Exercise prompt –
In the records below, find the line that contains "values from neighbouring" and the line that contains "Lload_1A = Lnom*1.00", then retype exactly those two lines and every line between them.

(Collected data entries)
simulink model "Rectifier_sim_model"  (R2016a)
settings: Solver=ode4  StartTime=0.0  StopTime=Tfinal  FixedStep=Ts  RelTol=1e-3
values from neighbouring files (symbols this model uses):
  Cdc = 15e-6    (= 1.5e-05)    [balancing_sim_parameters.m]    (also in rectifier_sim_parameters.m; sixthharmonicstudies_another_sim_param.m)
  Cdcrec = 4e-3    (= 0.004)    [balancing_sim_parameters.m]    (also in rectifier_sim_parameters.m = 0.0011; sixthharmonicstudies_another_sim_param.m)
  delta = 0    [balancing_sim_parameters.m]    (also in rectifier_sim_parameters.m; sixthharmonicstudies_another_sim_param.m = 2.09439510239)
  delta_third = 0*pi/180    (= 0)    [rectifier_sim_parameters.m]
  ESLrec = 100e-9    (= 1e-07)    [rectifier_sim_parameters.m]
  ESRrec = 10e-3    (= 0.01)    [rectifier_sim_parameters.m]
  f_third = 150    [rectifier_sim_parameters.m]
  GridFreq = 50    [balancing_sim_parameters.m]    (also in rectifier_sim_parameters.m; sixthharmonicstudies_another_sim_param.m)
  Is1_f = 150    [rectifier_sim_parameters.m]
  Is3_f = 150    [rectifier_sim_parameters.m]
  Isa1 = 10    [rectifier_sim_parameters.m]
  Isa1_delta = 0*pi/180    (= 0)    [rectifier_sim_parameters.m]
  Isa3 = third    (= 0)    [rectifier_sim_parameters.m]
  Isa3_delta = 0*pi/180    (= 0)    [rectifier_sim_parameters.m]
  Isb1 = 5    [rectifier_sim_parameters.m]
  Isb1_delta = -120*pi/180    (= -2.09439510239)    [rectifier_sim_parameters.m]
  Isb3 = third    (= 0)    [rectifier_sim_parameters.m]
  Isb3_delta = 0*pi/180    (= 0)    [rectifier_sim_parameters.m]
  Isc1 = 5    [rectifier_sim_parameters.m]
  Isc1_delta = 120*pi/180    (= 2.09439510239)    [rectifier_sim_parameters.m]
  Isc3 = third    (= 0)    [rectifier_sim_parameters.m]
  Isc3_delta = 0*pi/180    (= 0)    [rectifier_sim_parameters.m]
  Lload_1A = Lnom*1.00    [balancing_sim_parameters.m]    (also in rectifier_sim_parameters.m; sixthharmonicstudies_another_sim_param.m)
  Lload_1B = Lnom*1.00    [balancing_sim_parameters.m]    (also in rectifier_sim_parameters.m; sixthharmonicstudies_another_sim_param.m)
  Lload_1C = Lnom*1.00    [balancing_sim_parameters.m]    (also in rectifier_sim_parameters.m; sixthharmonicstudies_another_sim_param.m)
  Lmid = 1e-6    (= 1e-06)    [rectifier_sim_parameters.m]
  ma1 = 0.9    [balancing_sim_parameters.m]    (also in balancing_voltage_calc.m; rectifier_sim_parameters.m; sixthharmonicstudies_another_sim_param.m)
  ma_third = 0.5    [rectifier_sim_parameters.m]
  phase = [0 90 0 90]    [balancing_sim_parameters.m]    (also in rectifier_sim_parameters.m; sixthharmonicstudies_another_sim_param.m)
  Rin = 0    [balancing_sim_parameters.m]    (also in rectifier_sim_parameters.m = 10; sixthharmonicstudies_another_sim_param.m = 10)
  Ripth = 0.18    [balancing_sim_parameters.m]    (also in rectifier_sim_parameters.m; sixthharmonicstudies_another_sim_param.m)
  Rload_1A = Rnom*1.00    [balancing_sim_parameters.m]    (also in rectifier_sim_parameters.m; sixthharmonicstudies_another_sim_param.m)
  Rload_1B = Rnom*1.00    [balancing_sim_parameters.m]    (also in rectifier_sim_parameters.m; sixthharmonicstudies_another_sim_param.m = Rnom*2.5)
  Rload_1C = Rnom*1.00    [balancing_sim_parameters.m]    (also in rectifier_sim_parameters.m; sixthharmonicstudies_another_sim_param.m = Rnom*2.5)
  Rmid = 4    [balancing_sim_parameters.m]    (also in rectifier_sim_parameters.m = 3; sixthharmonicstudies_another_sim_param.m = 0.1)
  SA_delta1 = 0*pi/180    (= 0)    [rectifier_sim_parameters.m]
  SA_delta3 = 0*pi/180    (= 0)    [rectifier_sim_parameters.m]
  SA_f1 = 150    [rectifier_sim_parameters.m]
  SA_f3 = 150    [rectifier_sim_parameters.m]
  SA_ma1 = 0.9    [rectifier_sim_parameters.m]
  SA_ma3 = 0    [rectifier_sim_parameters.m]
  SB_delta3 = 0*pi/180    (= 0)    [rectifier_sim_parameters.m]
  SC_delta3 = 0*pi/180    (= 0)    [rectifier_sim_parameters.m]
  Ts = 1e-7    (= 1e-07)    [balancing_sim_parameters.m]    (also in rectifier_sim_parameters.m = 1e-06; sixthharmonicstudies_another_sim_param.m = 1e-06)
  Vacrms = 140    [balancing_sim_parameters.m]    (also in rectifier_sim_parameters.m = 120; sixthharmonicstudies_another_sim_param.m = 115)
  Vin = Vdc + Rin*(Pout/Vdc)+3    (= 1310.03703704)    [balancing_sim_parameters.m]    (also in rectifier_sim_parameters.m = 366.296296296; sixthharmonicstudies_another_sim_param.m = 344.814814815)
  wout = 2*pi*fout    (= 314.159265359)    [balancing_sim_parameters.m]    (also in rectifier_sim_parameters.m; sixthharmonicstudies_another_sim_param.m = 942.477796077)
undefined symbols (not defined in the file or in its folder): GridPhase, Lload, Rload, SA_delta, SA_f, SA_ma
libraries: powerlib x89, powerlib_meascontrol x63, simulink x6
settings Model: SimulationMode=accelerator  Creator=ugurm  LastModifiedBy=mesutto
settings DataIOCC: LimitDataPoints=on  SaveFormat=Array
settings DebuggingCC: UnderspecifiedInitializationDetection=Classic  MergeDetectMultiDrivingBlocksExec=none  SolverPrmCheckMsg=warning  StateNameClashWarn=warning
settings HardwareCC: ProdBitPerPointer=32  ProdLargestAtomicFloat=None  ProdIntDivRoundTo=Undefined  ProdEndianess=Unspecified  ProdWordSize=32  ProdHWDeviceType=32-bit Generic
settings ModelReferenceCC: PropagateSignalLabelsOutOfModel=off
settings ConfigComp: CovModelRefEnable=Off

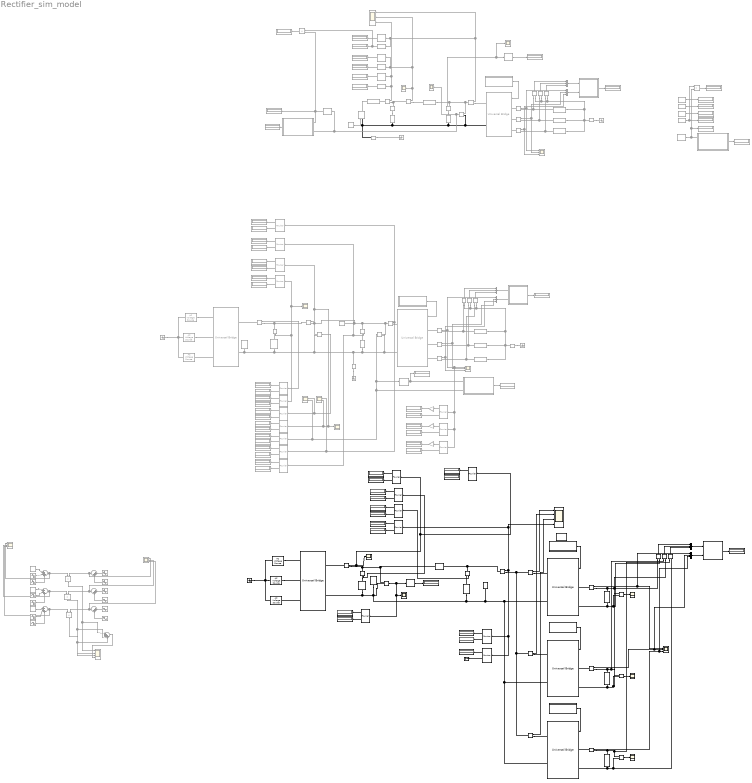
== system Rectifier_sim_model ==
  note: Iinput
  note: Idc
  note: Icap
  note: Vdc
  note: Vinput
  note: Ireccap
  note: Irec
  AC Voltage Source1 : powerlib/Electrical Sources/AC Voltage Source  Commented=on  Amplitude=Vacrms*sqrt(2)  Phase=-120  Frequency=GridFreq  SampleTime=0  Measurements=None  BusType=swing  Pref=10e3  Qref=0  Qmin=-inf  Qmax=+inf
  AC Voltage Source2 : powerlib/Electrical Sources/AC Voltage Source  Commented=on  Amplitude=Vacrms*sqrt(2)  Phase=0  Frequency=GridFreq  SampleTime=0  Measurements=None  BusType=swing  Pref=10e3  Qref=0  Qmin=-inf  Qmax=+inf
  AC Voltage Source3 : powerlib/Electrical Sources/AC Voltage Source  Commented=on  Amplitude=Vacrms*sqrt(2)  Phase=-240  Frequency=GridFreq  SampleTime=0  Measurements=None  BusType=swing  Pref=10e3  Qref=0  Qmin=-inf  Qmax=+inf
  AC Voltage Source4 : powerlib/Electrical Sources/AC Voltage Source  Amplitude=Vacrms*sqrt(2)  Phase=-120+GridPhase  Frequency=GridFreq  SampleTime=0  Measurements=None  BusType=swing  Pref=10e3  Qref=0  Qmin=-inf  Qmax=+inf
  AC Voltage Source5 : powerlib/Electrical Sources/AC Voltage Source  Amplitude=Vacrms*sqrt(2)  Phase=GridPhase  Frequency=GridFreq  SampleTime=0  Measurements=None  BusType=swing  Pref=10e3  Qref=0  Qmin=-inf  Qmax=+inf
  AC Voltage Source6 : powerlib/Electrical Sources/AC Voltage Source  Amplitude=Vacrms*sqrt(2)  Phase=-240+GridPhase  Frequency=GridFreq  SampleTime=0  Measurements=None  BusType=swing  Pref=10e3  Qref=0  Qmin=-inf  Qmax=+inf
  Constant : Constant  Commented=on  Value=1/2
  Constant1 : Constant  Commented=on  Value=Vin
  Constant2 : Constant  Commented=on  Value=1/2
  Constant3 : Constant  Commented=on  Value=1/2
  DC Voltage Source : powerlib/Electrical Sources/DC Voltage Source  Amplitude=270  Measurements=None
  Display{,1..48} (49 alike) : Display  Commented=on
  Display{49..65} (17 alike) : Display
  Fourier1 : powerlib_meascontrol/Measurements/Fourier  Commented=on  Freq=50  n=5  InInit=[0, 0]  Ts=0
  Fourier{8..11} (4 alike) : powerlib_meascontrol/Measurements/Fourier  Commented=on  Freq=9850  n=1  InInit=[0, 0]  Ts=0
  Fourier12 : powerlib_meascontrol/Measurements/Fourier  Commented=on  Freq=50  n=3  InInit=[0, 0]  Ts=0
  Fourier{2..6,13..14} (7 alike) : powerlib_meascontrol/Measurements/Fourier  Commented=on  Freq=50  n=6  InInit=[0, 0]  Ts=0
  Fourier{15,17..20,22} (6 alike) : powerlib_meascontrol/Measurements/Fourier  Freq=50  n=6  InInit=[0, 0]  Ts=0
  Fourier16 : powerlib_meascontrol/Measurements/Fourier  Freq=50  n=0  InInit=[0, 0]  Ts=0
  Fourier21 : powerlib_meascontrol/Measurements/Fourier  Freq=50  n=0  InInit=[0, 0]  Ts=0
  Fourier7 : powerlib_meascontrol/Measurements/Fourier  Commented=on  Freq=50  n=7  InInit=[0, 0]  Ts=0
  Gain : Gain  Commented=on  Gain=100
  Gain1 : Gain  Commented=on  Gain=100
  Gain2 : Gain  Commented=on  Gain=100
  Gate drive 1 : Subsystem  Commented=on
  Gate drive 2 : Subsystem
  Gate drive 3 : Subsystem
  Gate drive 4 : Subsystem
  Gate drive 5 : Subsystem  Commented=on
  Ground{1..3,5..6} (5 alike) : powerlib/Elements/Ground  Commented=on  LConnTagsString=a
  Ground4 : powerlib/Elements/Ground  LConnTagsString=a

Problem solution –
values from neighbouring files (symbols this model uses):
  Cdc = 15e-6    (= 1.5e-05)    [balancing_sim_parameters.m]    (also in rectifier_sim_parameters.m; sixthharmonicstudies_another_sim_param.m)
  Cdcrec = 4e-3    (= 0.004)    [balancing_sim_parameters.m]    (also in rectifier_sim_parameters.m = 0.0011; sixthharmonicstudies_another_sim_param.m)
  delta = 0    [balancing_sim_parameters.m]    (also in rectifier_sim_parameters.m; sixthharmonicstudies_another_sim_param.m = 2.09439510239)
  delta_third = 0*pi/180    (= 0)    [rectifier_sim_parameters.m]
  ESLrec = 100e-9    (= 1e-07)    [rectifier_sim_parameters.m]
  ESRrec = 10e-3    (= 0.01)    [rectifier_sim_parameters.m]
  f_third = 150    [rectifier_sim_parameters.m]
  GridFreq = 50    [balancing_sim_parameters.m]    (also in rectifier_sim_parameters.m; sixthharmonicstudies_another_sim_param.m)
  Is1_f = 150    [rectifier_sim_parameters.m]
  Is3_f = 150    [rectifier_sim_parameters.m]
  Isa1 = 10    [rectifier_sim_parameters.m]
  Isa1_delta = 0*pi/180    (= 0)    [rectifier_sim_parameters.m]
  Isa3 = third    (= 0)    [rectifier_sim_parameters.m]
  Isa3_delta = 0*pi/180    (= 0)    [rectifier_sim_parameters.m]
  Isb1 = 5    [rectifier_sim_parameters.m]
  Isb1_delta = -120*pi/180    (= -2.09439510239)    [rectifier_sim_parameters.m]
  Isb3 = third    (= 0)    [rectifier_sim_parameters.m]
  Isb3_delta = 0*pi/180    (= 0)    [rectifier_sim_parameters.m]
  Isc1 = 5    [rectifier_sim_parameters.m]
  Isc1_delta = 120*pi/180    (= 2.09439510239)    [rectifier_sim_parameters.m]
  Isc3 = third    (= 0)    [rectifier_sim_parameters.m]
  Isc3_delta = 0*pi/180    (= 0)    [rectifier_sim_parameters.m]
  Lload_1A = Lnom*1.00    [balancing_sim_parameters.m]    (also in rectifier_sim_parameters.m; sixthharmonicstudies_another_sim_param.m)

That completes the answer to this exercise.